====== Data for review ======
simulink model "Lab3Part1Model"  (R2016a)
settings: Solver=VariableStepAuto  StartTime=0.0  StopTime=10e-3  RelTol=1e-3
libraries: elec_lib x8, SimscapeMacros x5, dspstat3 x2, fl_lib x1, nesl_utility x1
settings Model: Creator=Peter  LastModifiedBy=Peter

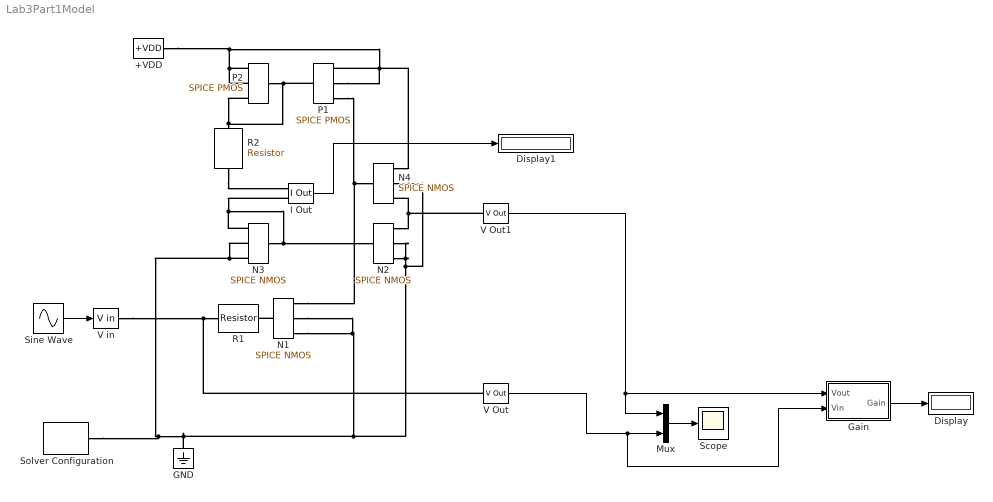
== system Lab3Part1Model ==
  +VDD : SimscapeMacros/+VDD
  Display : Display
  Display1 : Display
  GND : fl_lib/Electrical/Electrical Elements/Electrical Reference
  Gain : Subsystem
  I Out : SimscapeMacros/I Out
  Mux : Mux  Inputs=2
  N{1..4} (4 alike) : elec_lib/Additional Components/SPICE-Compatible Components/Semiconductor Devices/SPICE NMOS  AREA=1  SCALE=1  LENGTH=7.8e-6 m  WIDTH=0.138e-3 m  AD=0.161e-8 m^2  AS=0.603e-8 m^2  PD=0 m  PS=0.478e-3 m  NRD=0.3  NRS=1  LEVEL=1  VTO=0.750 V  KP=NaN A/V^2  GAMMA=1.03 V^0.50000  PHI=0.70 V  LAMBDA=0.018 1/V  RD=NaN Ohm  RS=NaN Ohm  C_param=1  CBD=1e-18 F  CBS=1e-18 F  IS=1.206e-13 A  ND=1  PB=0.9 V  CGSO=0.94e-9 F/m  CGDO=0.59e-9 F/m  CGBO=0.138e-9 F/m  RSH=10 Ohm  CJ=0.39e-3 F/m^2  MJ=0.5  CJSW=264e-12 F/m  MJSW=0.18  JS=20e-6 A/m^2  TOX=0.055e-6 m  LD=1.6e-6 m  U0=650 cm^2/s/V  FC=0.5  NSUB=1e16 1/cm^3  TPG=1  NSS=0.7e11 1/cm^2  UEXP=0  UCRIT=1e+4 V/cm  NEFF=1  DELTA=0  VMAX=1.6e5 m/s  XJ=2.0e-6 m  NFS=1.17e11 1/cm^2  ETA=0  THETA=0 1/V  KAPPA=0.2  T_param=1  TOFFSET=0 K  TFIXED=300.15 K  TMEAS=300.15 K  IC_given=1  ICVDS=0 V  ICVGS=0 V  ICVBS=0 V  MTYPE=1
  P1 : elec_lib/Additional Components/SPICE-Compatible Components/Semiconductor Devices/SPICE PMOS  AREA=1  SCALE=1  LENGTH=7.8e-6 m  WIDTH=0.138e-3 m  AD=0.161e-8 m^2  AS=0.603e-8 m^2  PD=0 m  PS=0.478e-3 m  NRD=0.3  NRS=1  LEVEL=1  VTO=-0.74 V  KP=NaN A/V^2  GAMMA=0.58 V^0.50000  PHI=0.70 V  LAMBDA=.026 1/V  RD=NaN Ohm  RS=NaN Ohm  C_param=1  CBD=1e-18 F  CBS=1e-18 F  IS=1.206e-13 A  ND=1  PB=0.90 V  CGSO=0.31e-9 F/m  CGDO=0.39e-9 F/m  CGBO=0.138e-9 F/m  RSH=90 Ohm  CJ=0.18e-3 F/m^2  MJ=0.57  CJSW=322e-12 F/m  MJSW=0.33  JS=20e-6 A/m^2  TOX=0.055e-6 m  LD=0.96e-6 m  U0=260 cm^2/s/V  FC=0.5  NSUB=1e16 1/cm^3  TPG=-1  NSS=1e11 1/cm^2  UEXP=0  UCRIT=1e+4 V/cm  NEFF=1  DELTA=0  VMAX=3.0e5 m/s  XJ=1.2e-6 m  NFS=1.06e11 1/cm^2  ETA=0  THETA=0 1/V  KAPPA=0.2  T_param=1  TOFFSET=0 K  TFIXED=300.15 K  TMEAS=300.15 K  IC_given=1  ICVDS=0 V  ICVGS=0 V  ICVBS=0 V  MTYPE=-1
  P2 : elec_lib/Additional Components/SPICE-Compatible Components/Semiconductor Devices/SPICE PMOS  AREA=1  SCALE=1  LENGTH=7.8e-6 m  WIDTH=0.138e-3 m  AD=0.161e-8 m^2  AS=0.603e-8 m^2  PD=0 m  PS=0.478e-3 m  NRD=0.3  NRS=1  LEVEL=1  VTO=-0.74 V  KP=NaN A/V^2  GAMMA=0.58 V^0.50000  PHI=0.70 V  LAMBDA=.026 1/V  RD=NaN Ohm  RS=NaN Ohm  C_param=1  CBD=1e-18 F  CBS=1e-18 F  IS=1.206e-13 A  ND=1  PB=0.90 V  CGSO=0.31e-9 F/m  CGDO=0.39e-9 F/m  CGBO=0.138e-9 F/m  RSH=90 Ohm  CJ=0.18e-3 F/m^2  MJ=0.57  CJSW=322e-12 F/m  MJSW=0.33  JS=20e-6 A/m^2  TOX=0.055e-6 m  LD=0.96e-6 m  U0=260 cm^2/s/V  FC=0.5  NSUB=1e16 1/cm^3  TPG=-1  NSS=1e11 1/cm^2  UEXP=0  UCRIT=1e+4 V/cm  NEFF=1  DELTA=0  VMAX=3.0e5 m/s  XJ=1.2e-6 m  NFS=1.06e11 1/cm^2  ETA=0  THETA=0 1/V  KAPPA=0.2  T_param=1  TOFFSET=0 K  TFIXED=300.15 K  TMEAS=300.15 K  IC_given=1  ICVDS=0 V  ICVGS=0 V  ICVBS=0 V  MTYPE=-1
  R1 : elec_lib/Passive Devices/Resistor  R=10e3 Ohm  R_tol=5  enable_R_tol=0  tol_distribution=1  nSigma=4  enable_operating_limits=0  operating_limit_action=2  max_working_voltage=100 V  power_rating=1 W  enable_faults=0  fault_action=1  R_faulted=Inf Ohm  enable_temporal_fault=0  t_fault=1 s  enable_behavioral_fault=0  max_permissible_current=1 A  t_fail_on_current=1 s  noise_mode=0  sample_time=0.001 s  repeatability=1  auto_seed=1254553298  user_seed=0  Tdevice=25 degC  alpha=0.00393 1/K  Tmeas=25 degC  thermal_mass=100 J/K  initial_temperature=25 degC  power_derating_T1=70 degC  power_derating_T2=155 degC  operating_temperature_range_vec=[ -50 150 ] degC
  R2 : elec_lib/Passive Devices/Resistor  R=73e3 Ohm  R_tol=5  enable_R_tol=0  tol_distribution=1  nSigma=4  enable_operating_limits=0  operating_limit_action=2  max_working_voltage=100 V  power_rating=1 W  enable_faults=0  fault_action=1  R_faulted=Inf Ohm  enable_temporal_fault=0  t_fault=1 s  enable_behavioral_fault=0  max_permissible_current=1 A  t_fail_on_current=1 s  noise_mode=0  sample_time=0.001 s  repeatability=1  auto_seed=2547358782  user_seed=0  Tdevice=25 degC  alpha=0.00393 1/K  Tmeas=25 degC  thermal_mass=100 J/K  initial_temperature=25 degC  power_derating_T1=70 degC  power_derating_T2=155 degC  operating_temperature_range_vec=[ -50 150 ] degC
  Scope : Scope
  Sine Wave : Sin  Amplitude=5e-3  Bias=1.15  Frequency=2*pi*1e3  SampleTime=0
  Solver Configuration : nesl_utility/Solver Configuration  PhysicalDomain=network_engine_domain  SubClassName=solver  LeftPortType=input  RightPortType=generic  Accelerate=off  Tones=[]  Harmonics=[]  SimulateNoise=off  Profile=off  UseLocalSampling=off  EnableSwitchedLinearOptims=on  FrequencyDomain=off  UseCCode=off  RelTol=0.001  AbsTol=1e-06  MinStep=1e-09  ToWorkspace=off  RevertToSquareIcSolve=off  NumHomotopyIterations=100  PhasorMode=off  PhasorModeNumHarmonics=1  OverrideAbsTol=off  DoDC=off  ResidualTolerance=1e-09  UseLocalSolver=off  LocalSolverChoice=NE_BACKWARD_EULER_ADVANCER  LocalSolverSampleTime=0.001  DoFixedCost=off  MaxNonlinIter=3  MaxModeIter=2  LinearAlgebra=Sparse  DelaysMemoryBudget=1024  AutomaticFiltering=on  FilteringTimeConstant=0.001
  V Out : SimscapeMacros/V Out
  V Out1 : SimscapeMacros/V Out
  V in : SimscapeMacros/V in
  wires:
  Mux/1 -> Scope/1
  Gain/1(Gain) -> Display/1
  V Out/1 -> Gain/2(Vin), Mux/2
  V Out1/1 -> Gain/1(Vout), Mux/1
  I Out/1 -> Display1/1
  Sine Wave/1 -> V in/1
  connections:
  N1/RConn1 -- N4/RConn2 -- N2/RConn2 -- N2/RConn1 -- Solver Configuration/RConn1 -- N3/RConn2 -- N3/RConn1 -- GND/LConn1 -- N1/RConn2
  V in/RConn1 -- V Out/LConn1 -- R1/LConn1
  N1/LConn1 -- R1/RConn1
  N3/LConn1 -- N3/RConn3 -- I Out/LConn2 -- N2/LConn1
  P2/RConn3 -- P1/LConn1 -- P2/LConn1 -- R2/LConn1
  N2/RConn3 -- N4/RConn1 -- V Out1/LConn1
  P2/RConn1 -- +VDD/RConn1 -- N4/RConn3 -- P1/RConn2 -- P1/RConn1 -- P2/RConn2
  P1/RConn3 -- N1/RConn3 -- N4/LConn1
  R2/RConn1 -- I Out/LConn1

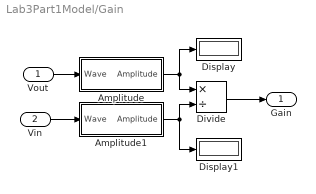
== system Lab3Part1Model/Gain ==
  Vout : Inport
  Vin : Inport  Port=2
  Amplitude : Subsystem
  Amplitude1 : Subsystem
  Display : Display
  Display1 : Display
  Divide : Product  Inputs=*/
  Gain : Outport
  wires:
  Vout/1 -> Amplitude/1(Wave)
  Divide/1 -> Gain/1
  Vin/1 -> Amplitude1/1(Wave)
  Amplitude/1(Amplitude) -> Display/1, Divide/1
  Amplitude1/1(Amplitude) -> Display1/1, Divide/2

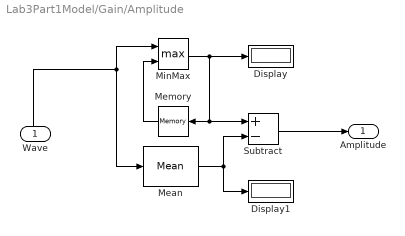
== system Lab3Part1Model/Gain/Amplitude ==
  Wave : Inport
  Display : Display
  Display1 : Display
  Mean : dspstat3/Mean  run=off  reset_popup=None  InputProcessing=Columns as channels (frame based)  directionMode=Each column  dimension=1  roiEnable=off  roiType=Rectangles  roiPortion=Entire ROI  roiOutput=Individual statistics for each ROI  roiFlag=off  outputDataTypeStr=Inherit: Same as accumulator  outputLastDataTypeStr=Inherit: Same as accumulator  outputMin=[]  outputMax=[]  roundingMode=Floor  overflowMode=off
  Memory : Memory  X0=1e-15  InheritSampleTime=on
  MinMax : MinMax  Function=max  Inputs=2
  Subtract : Sum  Inputs=+-
  Amplitude : Outport
  wires:
  Subtract/1 -> Amplitude/1
  Wave/1 -> Mean/1, MinMax/1
  Mean/1 -> Subtract/2, Display1/1
  MinMax/1 -> Display/1, Subtract/1, Memory/1
  Memory/1 -> MinMax/2

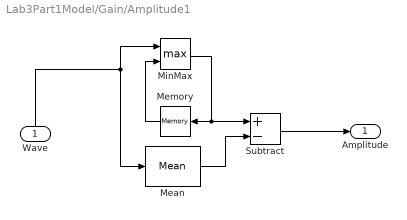
== system Lab3Part1Model/Gain/Amplitude1 ==
  Wave : Inport
  Mean : dspstat3/Mean  run=off  reset_popup=None  InputProcessing=Columns as channels (frame based)  directionMode=Each column  dimension=1  roiEnable=off  roiType=Rectangles  roiPortion=Entire ROI  roiOutput=Individual statistics for each ROI  roiFlag=off  outputDataTypeStr=Inherit: Same as accumulator  outputLastDataTypeStr=Inherit: Same as accumulator  outputMin=[]  outputMax=[]  roundingMode=Floor  overflowMode=off
  Memory : Memory  X0=1e-15  InheritSampleTime=on
  MinMax : MinMax  Function=max  Inputs=2
  Subtract : Sum  Inputs=+-
  Amplitude : Outport
  wires:
  Subtract/1 -> Amplitude/1
  Wave/1 -> Mean/1, MinMax/1
  Mean/1 -> Subtract/2
  MinMax/1 -> Subtract/1, Memory/1
  Memory/1 -> MinMax/2
======
Leave out the pictures. Return exactly the lines from the first line of the records to the line bearing "I Out : SimscapeMacros/I Out", inclusive.

simulink model "Lab3Part1Model"  (R2016a)
settings: Solver=VariableStepAuto  StartTime=0.0  StopTime=10e-3  RelTol=1e-3
libraries: elec_lib x8, SimscapeMacros x5, dspstat3 x2, fl_lib x1, nesl_utility x1
settings Model: Creator=Peter  LastModifiedBy=Peter

== system Lab3Part1Model ==
  +VDD : SimscapeMacros/+VDD
  Display : Display
  Display1 : Display
  GND : fl_lib/Electrical/Electrical Elements/Electrical Reference
  Gain : Subsystem
  I Out : SimscapeMacros/I Out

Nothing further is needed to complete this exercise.